Pelaksana Tugas Kepala BBKSDA Riau Fifin Arfiana Jogasara, Minggu (6/2/2022), mengatakan, serangan harimau itu terjadi di areal kerja PT Simpang Kanan (Grup Sinar Mas), Desa Pulau Muda, Kecamatan Teluk Meranti, Pelalawan, pada Sabtu (5/2/2022) siang. Korbannya adalah Tugiyat (41), operator chainsaw.
Fifin menjelaskan, korban diketahui hilang oleh rekannya saat jam istirahat makan siang. Sebelumnya, mereka sedang panen kayu. Sang rekan memanggil korban untuk makan siang, tetapi tidak ada jawaban. Enam meter dari lokasi, rekan yang berupaya mencari menemukan celana korban dan ceceran darah.

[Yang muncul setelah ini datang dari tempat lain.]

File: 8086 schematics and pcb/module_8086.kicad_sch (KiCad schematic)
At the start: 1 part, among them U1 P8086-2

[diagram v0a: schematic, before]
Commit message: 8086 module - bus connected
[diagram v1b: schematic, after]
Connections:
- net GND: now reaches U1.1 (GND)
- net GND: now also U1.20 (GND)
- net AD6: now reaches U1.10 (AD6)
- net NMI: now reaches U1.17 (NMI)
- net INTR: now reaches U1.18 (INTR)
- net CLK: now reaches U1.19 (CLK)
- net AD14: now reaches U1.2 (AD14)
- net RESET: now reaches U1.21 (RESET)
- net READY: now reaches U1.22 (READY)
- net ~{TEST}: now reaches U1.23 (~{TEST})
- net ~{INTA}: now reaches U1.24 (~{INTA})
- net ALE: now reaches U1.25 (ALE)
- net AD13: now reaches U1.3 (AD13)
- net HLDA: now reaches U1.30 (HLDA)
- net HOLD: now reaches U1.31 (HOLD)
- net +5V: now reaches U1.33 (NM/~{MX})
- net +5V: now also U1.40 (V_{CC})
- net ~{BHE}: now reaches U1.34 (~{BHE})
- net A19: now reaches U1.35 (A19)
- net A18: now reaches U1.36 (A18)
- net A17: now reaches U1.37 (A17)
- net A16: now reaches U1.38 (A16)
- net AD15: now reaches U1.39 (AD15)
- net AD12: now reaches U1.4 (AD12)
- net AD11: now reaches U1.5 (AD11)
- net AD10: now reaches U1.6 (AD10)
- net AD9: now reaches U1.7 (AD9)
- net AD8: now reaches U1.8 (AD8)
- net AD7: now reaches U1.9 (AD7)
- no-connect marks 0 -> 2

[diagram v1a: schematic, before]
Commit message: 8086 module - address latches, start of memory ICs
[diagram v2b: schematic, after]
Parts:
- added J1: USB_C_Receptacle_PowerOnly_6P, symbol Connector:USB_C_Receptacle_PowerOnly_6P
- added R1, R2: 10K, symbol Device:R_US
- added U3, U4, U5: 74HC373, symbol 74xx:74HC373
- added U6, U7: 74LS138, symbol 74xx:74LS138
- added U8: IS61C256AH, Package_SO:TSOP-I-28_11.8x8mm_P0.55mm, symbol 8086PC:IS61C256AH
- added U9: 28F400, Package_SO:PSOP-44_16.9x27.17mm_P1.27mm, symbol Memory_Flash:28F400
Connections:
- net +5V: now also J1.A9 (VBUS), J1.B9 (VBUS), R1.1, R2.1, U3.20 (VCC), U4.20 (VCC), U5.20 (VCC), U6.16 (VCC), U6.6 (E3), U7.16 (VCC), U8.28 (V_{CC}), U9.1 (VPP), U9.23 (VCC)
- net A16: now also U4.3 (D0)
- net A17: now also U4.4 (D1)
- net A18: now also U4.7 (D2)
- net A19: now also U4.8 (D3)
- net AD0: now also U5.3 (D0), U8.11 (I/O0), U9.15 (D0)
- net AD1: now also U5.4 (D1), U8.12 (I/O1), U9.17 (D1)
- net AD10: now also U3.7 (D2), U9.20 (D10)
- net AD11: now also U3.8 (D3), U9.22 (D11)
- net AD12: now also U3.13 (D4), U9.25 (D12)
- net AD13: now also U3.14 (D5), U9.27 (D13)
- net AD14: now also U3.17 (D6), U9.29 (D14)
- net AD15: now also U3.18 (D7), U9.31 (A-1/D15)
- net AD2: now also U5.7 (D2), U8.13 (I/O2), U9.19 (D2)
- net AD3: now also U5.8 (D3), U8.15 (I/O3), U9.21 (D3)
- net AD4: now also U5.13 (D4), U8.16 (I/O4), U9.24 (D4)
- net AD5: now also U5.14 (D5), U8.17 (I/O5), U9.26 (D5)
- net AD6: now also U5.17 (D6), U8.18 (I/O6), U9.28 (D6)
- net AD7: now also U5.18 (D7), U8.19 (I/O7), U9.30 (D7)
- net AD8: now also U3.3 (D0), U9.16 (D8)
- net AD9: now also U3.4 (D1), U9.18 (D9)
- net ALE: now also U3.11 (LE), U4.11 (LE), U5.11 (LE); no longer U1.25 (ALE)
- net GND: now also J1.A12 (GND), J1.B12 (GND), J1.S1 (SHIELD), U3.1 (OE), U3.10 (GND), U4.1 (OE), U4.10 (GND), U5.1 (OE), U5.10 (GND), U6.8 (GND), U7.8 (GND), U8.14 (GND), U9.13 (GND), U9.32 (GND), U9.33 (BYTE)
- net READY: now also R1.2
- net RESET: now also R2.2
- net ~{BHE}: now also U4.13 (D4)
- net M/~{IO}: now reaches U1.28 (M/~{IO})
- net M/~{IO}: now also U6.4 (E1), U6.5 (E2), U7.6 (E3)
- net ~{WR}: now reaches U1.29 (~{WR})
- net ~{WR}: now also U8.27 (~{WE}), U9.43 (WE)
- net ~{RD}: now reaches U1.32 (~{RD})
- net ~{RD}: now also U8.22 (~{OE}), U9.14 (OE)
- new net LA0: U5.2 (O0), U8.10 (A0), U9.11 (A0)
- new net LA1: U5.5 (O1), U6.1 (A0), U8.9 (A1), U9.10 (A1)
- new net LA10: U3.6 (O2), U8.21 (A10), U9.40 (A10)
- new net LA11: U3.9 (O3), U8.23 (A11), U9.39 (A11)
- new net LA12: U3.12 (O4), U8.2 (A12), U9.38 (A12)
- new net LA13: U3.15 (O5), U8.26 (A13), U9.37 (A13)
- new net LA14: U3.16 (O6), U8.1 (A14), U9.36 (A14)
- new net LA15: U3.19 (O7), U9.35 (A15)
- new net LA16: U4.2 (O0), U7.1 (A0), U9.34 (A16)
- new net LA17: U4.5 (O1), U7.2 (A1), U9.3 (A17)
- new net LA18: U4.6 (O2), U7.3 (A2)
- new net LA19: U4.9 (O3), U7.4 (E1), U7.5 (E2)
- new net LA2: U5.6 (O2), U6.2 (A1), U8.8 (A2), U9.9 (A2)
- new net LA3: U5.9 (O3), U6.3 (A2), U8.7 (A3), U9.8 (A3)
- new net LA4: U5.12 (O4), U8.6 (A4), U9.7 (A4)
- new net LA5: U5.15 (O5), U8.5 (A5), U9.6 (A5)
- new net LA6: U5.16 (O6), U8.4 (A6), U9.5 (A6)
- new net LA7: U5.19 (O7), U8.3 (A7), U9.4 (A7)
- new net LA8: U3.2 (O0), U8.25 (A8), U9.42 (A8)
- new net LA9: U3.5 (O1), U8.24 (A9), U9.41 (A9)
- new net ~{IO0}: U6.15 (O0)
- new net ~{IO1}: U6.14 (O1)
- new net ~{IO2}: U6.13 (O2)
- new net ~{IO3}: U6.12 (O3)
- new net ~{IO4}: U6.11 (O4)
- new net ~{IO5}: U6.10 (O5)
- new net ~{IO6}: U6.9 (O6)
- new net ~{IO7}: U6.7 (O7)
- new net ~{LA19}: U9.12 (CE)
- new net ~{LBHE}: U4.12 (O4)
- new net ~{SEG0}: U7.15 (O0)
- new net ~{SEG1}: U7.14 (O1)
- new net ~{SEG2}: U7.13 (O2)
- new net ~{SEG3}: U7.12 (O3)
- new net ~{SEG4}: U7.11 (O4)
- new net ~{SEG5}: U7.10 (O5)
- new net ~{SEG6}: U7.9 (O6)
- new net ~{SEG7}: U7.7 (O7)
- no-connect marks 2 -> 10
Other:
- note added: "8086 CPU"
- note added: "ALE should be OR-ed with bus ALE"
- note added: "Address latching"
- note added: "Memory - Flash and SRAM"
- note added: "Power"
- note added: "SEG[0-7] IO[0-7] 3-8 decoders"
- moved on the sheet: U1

Rekan korban berteriak mencari bantuan. Pekerja lainnya berkumpul di sekitar lokasi sekitar pukul 12.40 dan melakukan pencarian dengan dua ekskavator. ”Pada pukul 17.35, korban baru ditemukan dengan kondisi sudah meninggal,” kata Fifin, ketika dihubungi dari Padang, Sumatera Barat, Minggu.
Fifin menjelaskan, perusahaan membawa jasad korban ke pusat kesehatan untuk otopsi, dan selanjutnya diserahkan kepada pihak keluarga. Atas kejadian ini, BBKSDA Riau pada Minggu menurunkan tim ke Pelalawan bersama pihak perusahaan untuk penanganan konflik lebih lanjut.
”Tim sedang ke lapangan, perjalanan relatif lama. (Senin, 7/2/2022) besok tim akan rapat menentukan tindakan apa yang akan dilakukan,” ujar Fifin.
Setiap tahun
Kejadian serangan harimau yang memakan korban jiwa di Riau berulang kali terjadi. Dari catatan Kompas, setiap tahun ada manusia yang tewas akibat diserang Panthera tigris sumatrae di Riau, setidaknya sejak 2019.
Pada 29 Agustus 2021, Malta Akfarel (16) tewas akibat diserang harimau sumatera di sekitar kamp bekas karyawan PT Uniseraya, perusahaan perkebunan kelapa sawit, di sekitar pantai Desa Teluk Lanus, Kecamatan Sungai Apit, Siak (Kompas.id, 30/8/2022).
Adapun Kompas (1/2/2020) melaporkan, Darmawan (42), seorang pencari kayu di hutan bekas lahan PT Bhara Induk di Kecamatan Pelangiran, Indragiri Hilir, tewas diterkam harimau pada 30 Januari 2020.
Sebelumnya, konflik antara harimau sumatera dan manusia terjadi di Kecamatan Pelangiran pada Mei 2019. Saat itu, Muhammad Amri (32), buruh PT RIA, tewas karena terluka parah akibat diterkam harimau (Kompas, 25/5/2019).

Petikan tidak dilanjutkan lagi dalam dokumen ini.